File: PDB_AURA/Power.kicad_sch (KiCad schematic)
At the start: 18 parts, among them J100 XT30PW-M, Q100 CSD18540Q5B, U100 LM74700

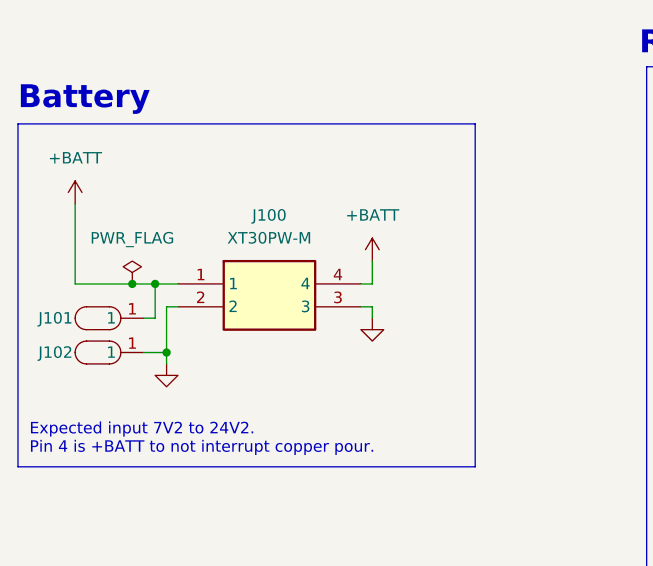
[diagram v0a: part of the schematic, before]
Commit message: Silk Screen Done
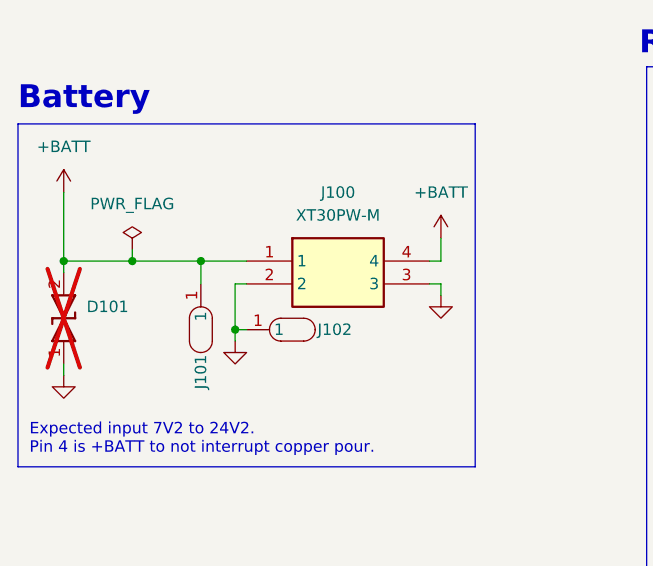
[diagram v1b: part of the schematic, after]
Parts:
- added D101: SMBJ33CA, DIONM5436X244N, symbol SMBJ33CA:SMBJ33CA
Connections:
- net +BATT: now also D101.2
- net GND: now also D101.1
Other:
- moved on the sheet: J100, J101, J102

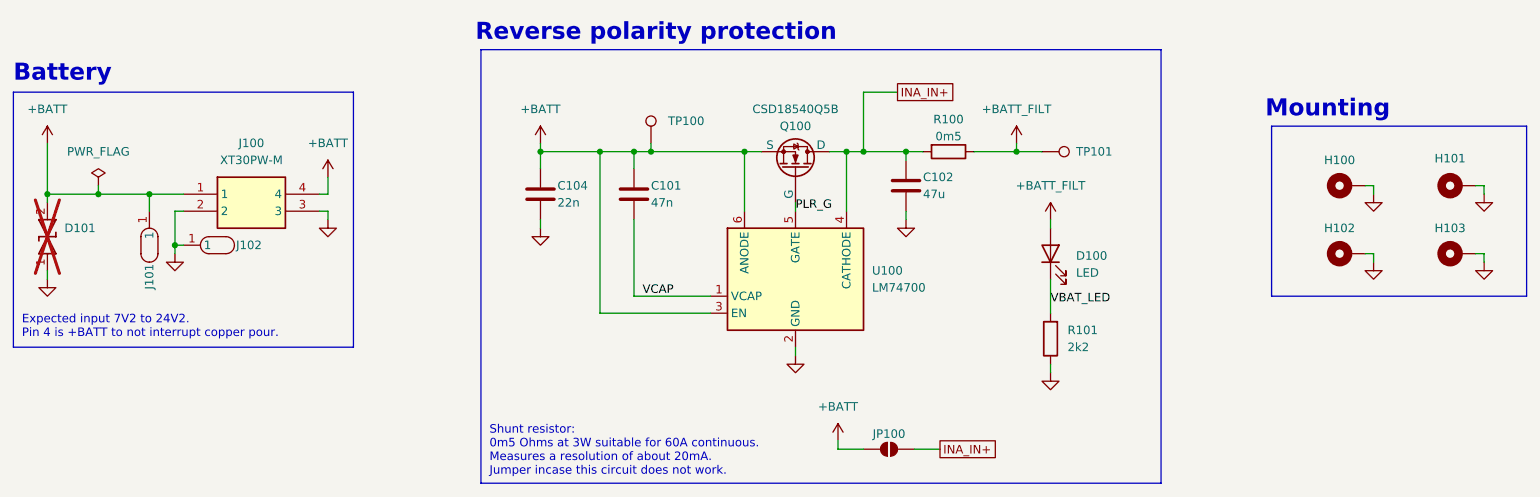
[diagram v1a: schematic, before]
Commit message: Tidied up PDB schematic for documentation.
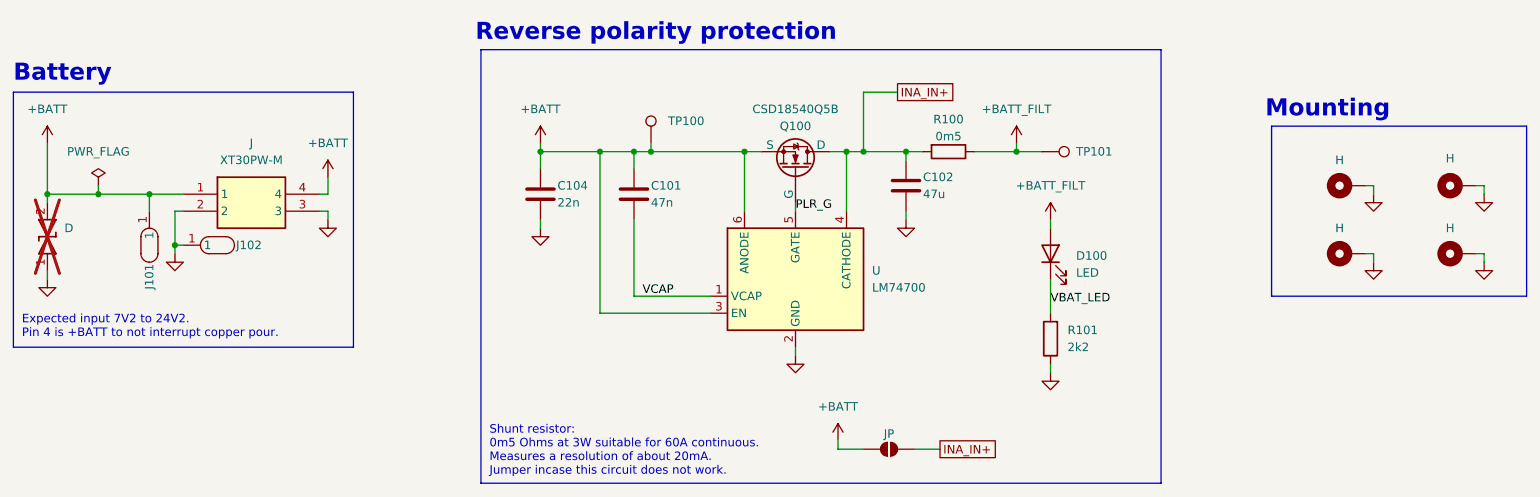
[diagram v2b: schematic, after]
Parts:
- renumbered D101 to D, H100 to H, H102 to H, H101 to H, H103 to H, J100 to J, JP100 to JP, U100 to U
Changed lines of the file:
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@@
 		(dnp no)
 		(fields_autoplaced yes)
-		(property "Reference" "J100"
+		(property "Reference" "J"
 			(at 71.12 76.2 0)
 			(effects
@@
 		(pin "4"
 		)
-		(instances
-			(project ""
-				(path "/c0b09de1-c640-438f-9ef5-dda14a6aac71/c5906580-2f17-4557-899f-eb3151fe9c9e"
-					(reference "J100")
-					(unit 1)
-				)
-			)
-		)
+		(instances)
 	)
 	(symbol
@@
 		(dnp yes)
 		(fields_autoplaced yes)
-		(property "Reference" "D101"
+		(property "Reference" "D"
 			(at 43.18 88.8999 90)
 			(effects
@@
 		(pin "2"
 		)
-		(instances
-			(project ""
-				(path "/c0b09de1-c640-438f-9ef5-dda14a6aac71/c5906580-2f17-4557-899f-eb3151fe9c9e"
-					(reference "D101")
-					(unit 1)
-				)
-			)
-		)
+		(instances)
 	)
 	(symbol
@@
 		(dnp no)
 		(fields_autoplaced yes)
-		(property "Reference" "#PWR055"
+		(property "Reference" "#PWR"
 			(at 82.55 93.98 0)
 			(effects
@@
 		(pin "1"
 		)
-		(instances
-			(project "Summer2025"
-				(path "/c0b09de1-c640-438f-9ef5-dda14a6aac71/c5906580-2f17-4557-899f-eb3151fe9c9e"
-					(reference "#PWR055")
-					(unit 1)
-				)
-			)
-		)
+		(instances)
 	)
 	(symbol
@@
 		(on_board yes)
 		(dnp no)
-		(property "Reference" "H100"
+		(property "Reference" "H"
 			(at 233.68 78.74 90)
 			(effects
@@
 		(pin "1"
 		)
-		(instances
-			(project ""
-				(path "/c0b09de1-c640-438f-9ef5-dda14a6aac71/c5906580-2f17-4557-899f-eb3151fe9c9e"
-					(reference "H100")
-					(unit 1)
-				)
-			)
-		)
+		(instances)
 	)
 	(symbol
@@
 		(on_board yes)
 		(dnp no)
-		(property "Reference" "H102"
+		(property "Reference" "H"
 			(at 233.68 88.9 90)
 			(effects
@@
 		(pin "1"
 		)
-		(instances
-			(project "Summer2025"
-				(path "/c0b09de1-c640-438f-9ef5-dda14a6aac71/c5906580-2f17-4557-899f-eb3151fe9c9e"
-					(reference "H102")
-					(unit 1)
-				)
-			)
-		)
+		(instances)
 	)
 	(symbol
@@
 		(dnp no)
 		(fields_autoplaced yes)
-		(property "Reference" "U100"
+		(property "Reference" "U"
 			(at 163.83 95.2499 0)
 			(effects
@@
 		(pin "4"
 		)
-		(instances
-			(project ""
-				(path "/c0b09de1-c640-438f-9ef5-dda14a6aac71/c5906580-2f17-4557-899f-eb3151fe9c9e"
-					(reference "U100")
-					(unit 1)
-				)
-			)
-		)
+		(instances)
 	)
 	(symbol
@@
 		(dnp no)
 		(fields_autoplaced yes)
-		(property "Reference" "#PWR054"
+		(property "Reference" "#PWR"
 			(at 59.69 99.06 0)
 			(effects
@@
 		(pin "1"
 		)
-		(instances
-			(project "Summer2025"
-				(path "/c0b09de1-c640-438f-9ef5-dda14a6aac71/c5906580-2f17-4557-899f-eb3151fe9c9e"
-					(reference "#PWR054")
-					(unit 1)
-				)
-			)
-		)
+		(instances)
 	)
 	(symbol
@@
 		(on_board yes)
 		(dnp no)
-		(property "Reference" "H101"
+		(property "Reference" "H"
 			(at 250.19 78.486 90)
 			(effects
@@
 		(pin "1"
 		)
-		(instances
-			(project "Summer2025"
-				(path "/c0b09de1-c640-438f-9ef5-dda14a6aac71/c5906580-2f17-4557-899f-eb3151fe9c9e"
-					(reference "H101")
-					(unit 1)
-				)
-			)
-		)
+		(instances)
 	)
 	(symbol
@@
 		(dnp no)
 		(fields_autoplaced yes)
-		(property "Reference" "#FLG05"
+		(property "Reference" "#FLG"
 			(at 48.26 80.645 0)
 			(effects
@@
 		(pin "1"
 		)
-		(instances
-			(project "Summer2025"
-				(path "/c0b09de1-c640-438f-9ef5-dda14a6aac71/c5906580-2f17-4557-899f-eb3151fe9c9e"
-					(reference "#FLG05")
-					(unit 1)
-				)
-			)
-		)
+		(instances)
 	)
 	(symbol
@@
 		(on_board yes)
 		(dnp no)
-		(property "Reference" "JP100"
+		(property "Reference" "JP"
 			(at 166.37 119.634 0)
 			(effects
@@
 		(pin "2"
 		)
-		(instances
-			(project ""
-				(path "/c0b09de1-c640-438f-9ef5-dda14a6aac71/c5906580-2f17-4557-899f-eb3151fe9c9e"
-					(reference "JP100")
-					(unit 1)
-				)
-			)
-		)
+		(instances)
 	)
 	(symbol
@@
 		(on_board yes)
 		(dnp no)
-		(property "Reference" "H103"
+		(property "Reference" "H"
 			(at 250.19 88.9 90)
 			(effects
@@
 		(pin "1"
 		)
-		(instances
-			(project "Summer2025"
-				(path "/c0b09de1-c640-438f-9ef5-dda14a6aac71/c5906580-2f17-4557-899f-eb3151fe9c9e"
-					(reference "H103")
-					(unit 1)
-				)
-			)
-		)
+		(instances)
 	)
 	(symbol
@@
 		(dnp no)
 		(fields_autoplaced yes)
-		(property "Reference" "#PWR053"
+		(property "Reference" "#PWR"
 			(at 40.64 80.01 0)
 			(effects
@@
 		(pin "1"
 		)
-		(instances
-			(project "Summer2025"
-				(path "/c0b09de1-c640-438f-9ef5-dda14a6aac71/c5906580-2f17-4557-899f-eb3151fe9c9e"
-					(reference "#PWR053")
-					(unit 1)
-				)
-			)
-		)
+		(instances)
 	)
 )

|---|

Requirement.
Would you please print the entries once more, word for word, minus the pictures?

Solution.
File: PDB_AURA/Power.kicad_sch (KiCad schematic)
At the start: 18 parts, among them J100 XT30PW-M, Q100 CSD18540Q5B, U100 LM74700

[diagram v0a: part of the schematic, before]
Commit message: Silk Screen Done
[diagram v1b: part of the schematic, after]
Parts:
- added D101: SMBJ33CA, DIONM5436X244N, symbol SMBJ33CA:SMBJ33CA
Connections:
- net +BATT: now also D101.2
- net GND: now also D101.1
Other:
- moved on the sheet: J100, J101, J102

[diagram v1a: schematic, before]
Commit message: Tidied up PDB schematic for documentation.
[diagram v2b: schematic, after]
Parts:
- renumbered D101 to D, H100 to H, H102 to H, H101 to H, H103 to H, J100 to J, JP100 to JP, U100 to U
Changed lines of the file:
@@
 		(dnp no)
 		(fields_autoplaced yes)
-		(property "Reference" "J100"
+		(property "Reference" "J"
 			(at 71.12 76.2 0)
 			(effects
@@
 		(pin "4"
 		)
-		(instances
-			(project ""
-				(path "/c0b09de1-c640-438f-9ef5-dda14a6aac71/c5906580-2f17-4557-899f-eb3151fe9c9e"
-					(reference "J100")
-					(unit 1)
-				)
-			)
-		)
+		(instances)
 	)
 	(symbol
@@
 		(dnp yes)
 		(fields_autoplaced yes)
-		(property "Reference" "D101"
+		(property "Reference" "D"
 			(at 43.18 88.8999 90)
 			(effects
@@
 		(pin "2"
 		)
-		(instances
-			(project ""
-				(path "/c0b09de1-c640-438f-9ef5-dda14a6aac71/c5906580-2f17-4557-899f-eb3151fe9c9e"
-					(reference "D101")
-					(unit 1)
-				)
-			)
-		)
+		(instances)
 	)
 	(symbol
@@
 		(dnp no)
 		(fields_autoplaced yes)
-		(property "Reference" "#PWR055"
+		(property "Reference" "#PWR"
 			(at 82.55 93.98 0)
 			(effects
@@
 		(pin "1"
 		)
-		(instances
-			(project "Summer2025"
-				(path "/c0b09de1-c640-438f-9ef5-dda14a6aac71/c5906580-2f17-4557-899f-eb3151fe9c9e"
-					(reference "#PWR055")
-					(unit 1)
-				)
-			)
-		)
+		(instances)
 	)
 	(symbol
@@
 		(on_board yes)
 		(dnp no)
-		(property "Reference" "H100"
+		(property "Reference" "H"
 			(at 233.68 78.74 90)
 			(effects
@@
 		(pin "1"
 		)
-		(instances
-			(project ""
-				(path "/c0b09de1-c640-438f-9ef5-dda14a6aac71/c5906580-2f17-4557-899f-eb3151fe9c9e"
-					(reference "H100")
-					(unit 1)
-				)
-			)
-		)
+		(instances)
 	)
 	(symbol
@@
 		(on_board yes)
 		(dnp no)
-		(property "Reference" "H102"
+		(property "Reference" "H"
 			(at 233.68 88.9 90)
 			(effects
@@
 		(pin "1"
 		)
-		(instances
-			(project "Summer2025"
-				(path "/c0b09de1-c640-438f-9ef5-dda14a6aac71/c5906580-2f17-4557-899f-eb3151fe9c9e"
-					(reference "H102")
-					(unit 1)
-				)
-			)
-		)
+		(instances)
 	)
 	(symbol
@@
 		(dnp no)
 		(fields_autoplaced yes)
-		(property "Reference" "U100"
+		(property "Reference" "U"
 			(at 163.83 95.2499 0)
 			(effects
@@
 		(pin "4"
 		)
-		(instances
-			(project ""
-				(path "/c0b09de1-c640-438f-9ef5-dda14a6aac71/c5906580-2f17-4557-899f-eb3151fe9c9e"
-					(reference "U100")
-					(unit 1)
-				)
-			)
-		)
+		(instances)
 	)
 	(symbol
@@
 		(dnp no)
 		(fields_autoplaced yes)
-		(property "Reference" "#PWR054"
+		(property "Reference" "#PWR"
 			(at 59.69 99.06 0)
 			(effects
@@
 		(pin "1"
 		)
-		(instances
-			(project "Summer2025"
-				(path "/c0b09de1-c640-438f-9ef5-dda14a6aac71/c5906580-2f17-4557-899f-eb3151fe9c9e"
-					(reference "#PWR054")
-					(unit 1)
-				)
-			)
-		)
+		(instances)
 	)
 	(symbol
@@
 		(on_board yes)
 		(dnp no)
-		(property "Reference" "H101"
+		(property "Reference" "H"
 			(at 250.19 78.486 90)
 			(effects
@@
 		(pin "1"
 		)
-		(instances
-			(project "Summer2025"
-				(path "/c0b09de1-c640-438f-9ef5-dda14a6aac71/c5906580-2f17-4557-899f-eb3151fe9c9e"
-					(reference "H101")
-					(unit 1)
-				)
-			)
-		)
+		(instances)
 	)
 	(symbol
@@
 		(dnp no)
 		(fields_autoplaced yes)
-		(property "Reference" "#FLG05"
+		(property "Reference" "#FLG"
 			(at 48.26 80.645 0)
 			(effects
@@
 		(pin "1"
 		)
-		(instances
-			(project "Summer2025"
-				(path "/c0b09de1-c640-438f-9ef5-dda14a6aac71/c5906580-2f17-4557-899f-eb3151fe9c9e"
-					(reference "#FLG05")
-					(unit 1)
-				)
-			)
-		)
+		(instances)
 	)
 	(symbol
@@
 		(on_board yes)
 		(dnp no)
-		(property "Reference" "JP100"
+		(property "Reference" "JP"
 			(at 166.37 119.634 0)
 			(effects
@@
 		(pin "2"
 		)
-		(instances
-			(project ""
-				(path "/c0b09de1-c640-438f-9ef5-dda14a6aac71/c5906580-2f17-4557-899f-eb3151fe9c9e"
-					(reference "JP100")
-					(unit 1)
-				)
-			)
-		)
+		(instances)
 	)
 	(symbol
@@
 		(on_board yes)
 		(dnp no)
-		(property "Reference" "H103"
+		(property "Reference" "H"
 			(at 250.19 88.9 90)
 			(effects
@@
 		(pin "1"
 		)
-		(instances
-			(project "Summer2025"
-				(path "/c0b09de1-c640-438f-9ef5-dda14a6aac71/c5906580-2f17-4557-899f-eb3151fe9c9e"
-					(reference "H103")
-					(unit 1)
-				)
-			)
-		)
+		(instances)
 	)
 	(symbol
@@
 		(dnp no)
 		(fields_autoplaced yes)
-		(property "Reference" "#PWR053"
+		(property "Reference" "#PWR"
 			(at 40.64 80.01 0)
 			(effects
@@
 		(pin "1"
 		)
-		(instances
-			(project "Summer2025"
-				(path "/c0b09de1-c640-438f-9ef5-dda14a6aac71/c5906580-2f17-4557-899f-eb3151fe9c9e"
-					(reference "#PWR053")
-					(unit 1)
-				)
-			)
-		)
+		(instances)
 	)
 )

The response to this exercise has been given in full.